The price of carbon dioxide emissions could be the next thing to drive up the cost of a university education, as Ivy Leaguers at Yale plan to set precedent by becoming the first school in the U.S. to enact a campus-wide “carbon charge” after signing a pledge at the White House earlier this week.

More than 200 universities attended a White House climate change summit Thursday to sign a pledge on taking steps to transition to a low-carbon economy and reduce the effects of global warming. Many scientists blame greenhouse gas emissions, primarily carbon dioxide, for raising the Earth’s temperature, causing more severe weather, droughts and coastal flooding.

President Obama has been enlisting academic institutions and businesses to reduce their carbon emissions in the runup to a major United Nations climate conference in Paris Nov. 30. Obama intends to agree to a deal there that would commit the U.S. to reducing its emissions 26-28 percent by 2030.

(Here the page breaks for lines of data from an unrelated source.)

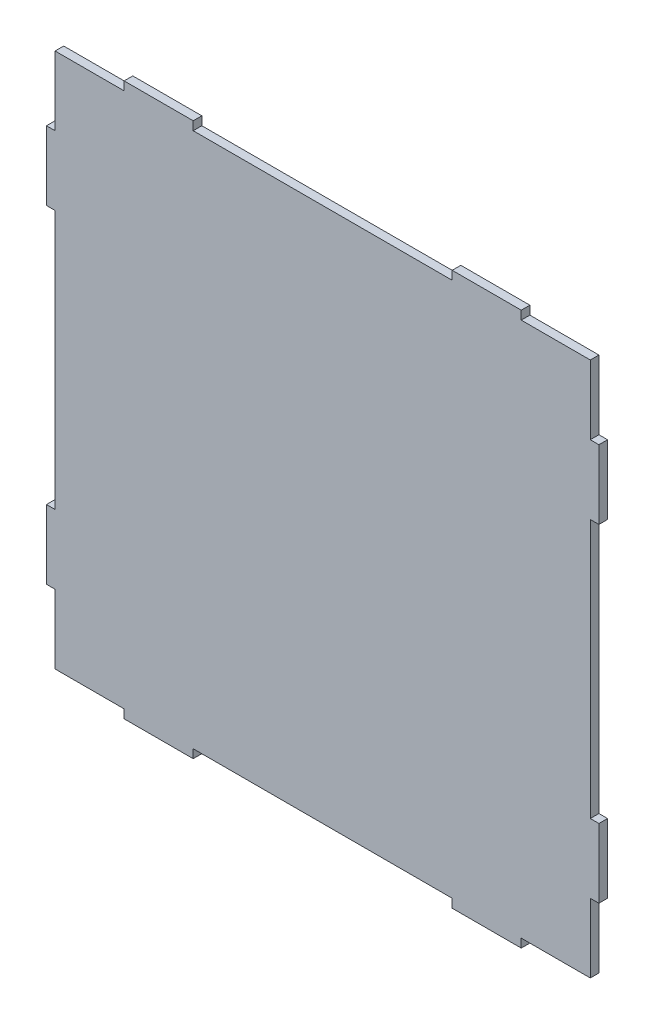
SolidWorks part; units mm, degrees
ref_plane "Front Plane" through (0, 0, 0) normal (0, 0, 1) x (1, 0, 0)
ref_plane "Top Plane" through (0, 0, 0) normal (0, 1, 0) x (1, 0, 0)
ref_plane "Right Plane" through (0, 0, 0) normal (1, 0, 0) x (0, 0, -1)
sketch "Sketch2" plane through (0, 0, 0) normal (0, 0, 1) x (1, 0, 0)
  line L0 (-50.8, 70.0149) -> (-25.4, 70.0149)
  line L1 (-25.4, 70.0149) -> (-25.4, 73.1899)
  line L2 (-25.4, 73.1899) -> (0, 73.1899)
  line L3 (0, 73.1899) -> (0, 70.0149)
  line L4 (0, 70.0149) -> (95.25, 70.0149)
  line L5 (95.25, 70.0149) -> (95.25, 73.1899)
  line L6 (95.25, 73.1899) -> (120.65, 73.1899)
  line L7 (120.65, 73.1899) -> (120.65, 70.0149)
  line L8 (120.65, 70.0149) -> (146.05, 70.0149)
  line L9 (146.05, 70.0149) -> (146.05, 44.6149)
  line L10 (146.05, 44.6149) -> (149.225, 44.6149)
  line L11 (149.225, 44.6149) -> (149.225, 19.2149)
  line L12 (149.225, 19.2149) -> (146.05, 19.2149)
  line L13 (146.05, 19.2149) -> (146.05, -76.0351)
  line L14 (146.05, -76.0351) -> (149.225, -76.0351)
  line L15 (149.225, -76.0351) -> (149.225, -101.4351)
  line L16 (149.225, -101.4351) -> (146.05, -101.4351)
  line L17 (146.05, -101.4351) -> (146.05, -126.8351)
  line L18 (-50.8, 70.0149) -> (-50.8, 44.6149)
  line L19 (-50.8, 44.6149) -> (-53.975, 44.6149)
  line L20 (-53.975, 44.6149) -> (-53.975, 19.2149)
  line L21 (-53.975, 19.2149) -> (-50.8, 19.2149)
  line L22 (-50.8, 19.2149) -> (-50.8, -76.0351)
  line L23 (-50.8, -76.0351) -> (-53.975, -76.0351)
  line L24 (-53.975, -76.0351) -> (-53.975, -101.4351)
  line L25 (-53.975, -101.4351) -> (-50.8, -101.4351)
  line L26 (-50.8, -101.4351) -> (-50.8, -126.8351)
  line L27 (-50.8, -126.8351) -> (-25.4, -126.8351)
  line L28 (-25.4, -126.8351) -> (-25.4, -130.0101)
  line L29 (-25.4, -130.0101) -> (0, -130.0101)
  line L30 (0, -130.0101) -> (0, -126.8351)
  line L31 (0, -126.8351) -> (95.25, -126.8351)
  line L32 (95.25, -126.8351) -> (95.25, -130.0101)
  line L33 (95.25, -130.0101) -> (120.65, -130.0101)
  line L34 (120.65, -130.0101) -> (120.65, -126.8351)
  line L35 (120.65, -126.8351) -> (146.05, -126.8351)
  dimension "D1" = 25.4
  dimension "D2" = 25.4
  dimension "D3" = 95.25
  dimension "D4" = 3.175
  dimension "D5" = 95.25
  dimension "D6" = 95.25
  dimension "D7" = 95.25
extrude "Boss-Extrude1" add sketch "Sketch2" along normal blind 3.175

Thursday’s pledge reads: “Today our school pledges to accelerate the transition to low-carbon energy while enhancing sustainable and resilient practices across our campuses.” Although it does not obligate campuses to enact so-called “carbon charges,” Yale University has chosen to begin testing out the idea this year.

On Friday, Yale said the pledge “renews the university’s commitment to maintaining a leadership role” on climate change. It notes that in 2005, the university established itself as a “global leader for climate change action” with an aggressive target of reducing greenhouse gases by 43 percent by 2020. And to that end, it announced a series of practices that includes the launch of a “campus-wide, internal carbon charge experiment.”

Based on a report issued earlier this year by Yale, the charge appears to be derived from an economic model the White House has developed called the “social cost of carbon” metric. Republicans have criticized the administration’s use of the metric in creating costly regulations to reduce emissions, saying the White House has not been transparent in the creation of the metric.

“In September 2014, Yale convened the Presidential Carbon Charge Task Force to consider whether it would be feasible and effective to institute a university-wide carbon charge,” the university said. “Based on the task force’s recommendation, and consistent with Yale’s policy of leading by example on sustainability, Yale will soon announce a campus-wide plan for testing internal carbon charge mechanisms.”

The task force said Yale would implement a pilot project on carbon pricing. The task force’s report said the charge on carbon dioxide emissions would provide incentives for decision makers to reduce reliance on “carbon-intensive activities.”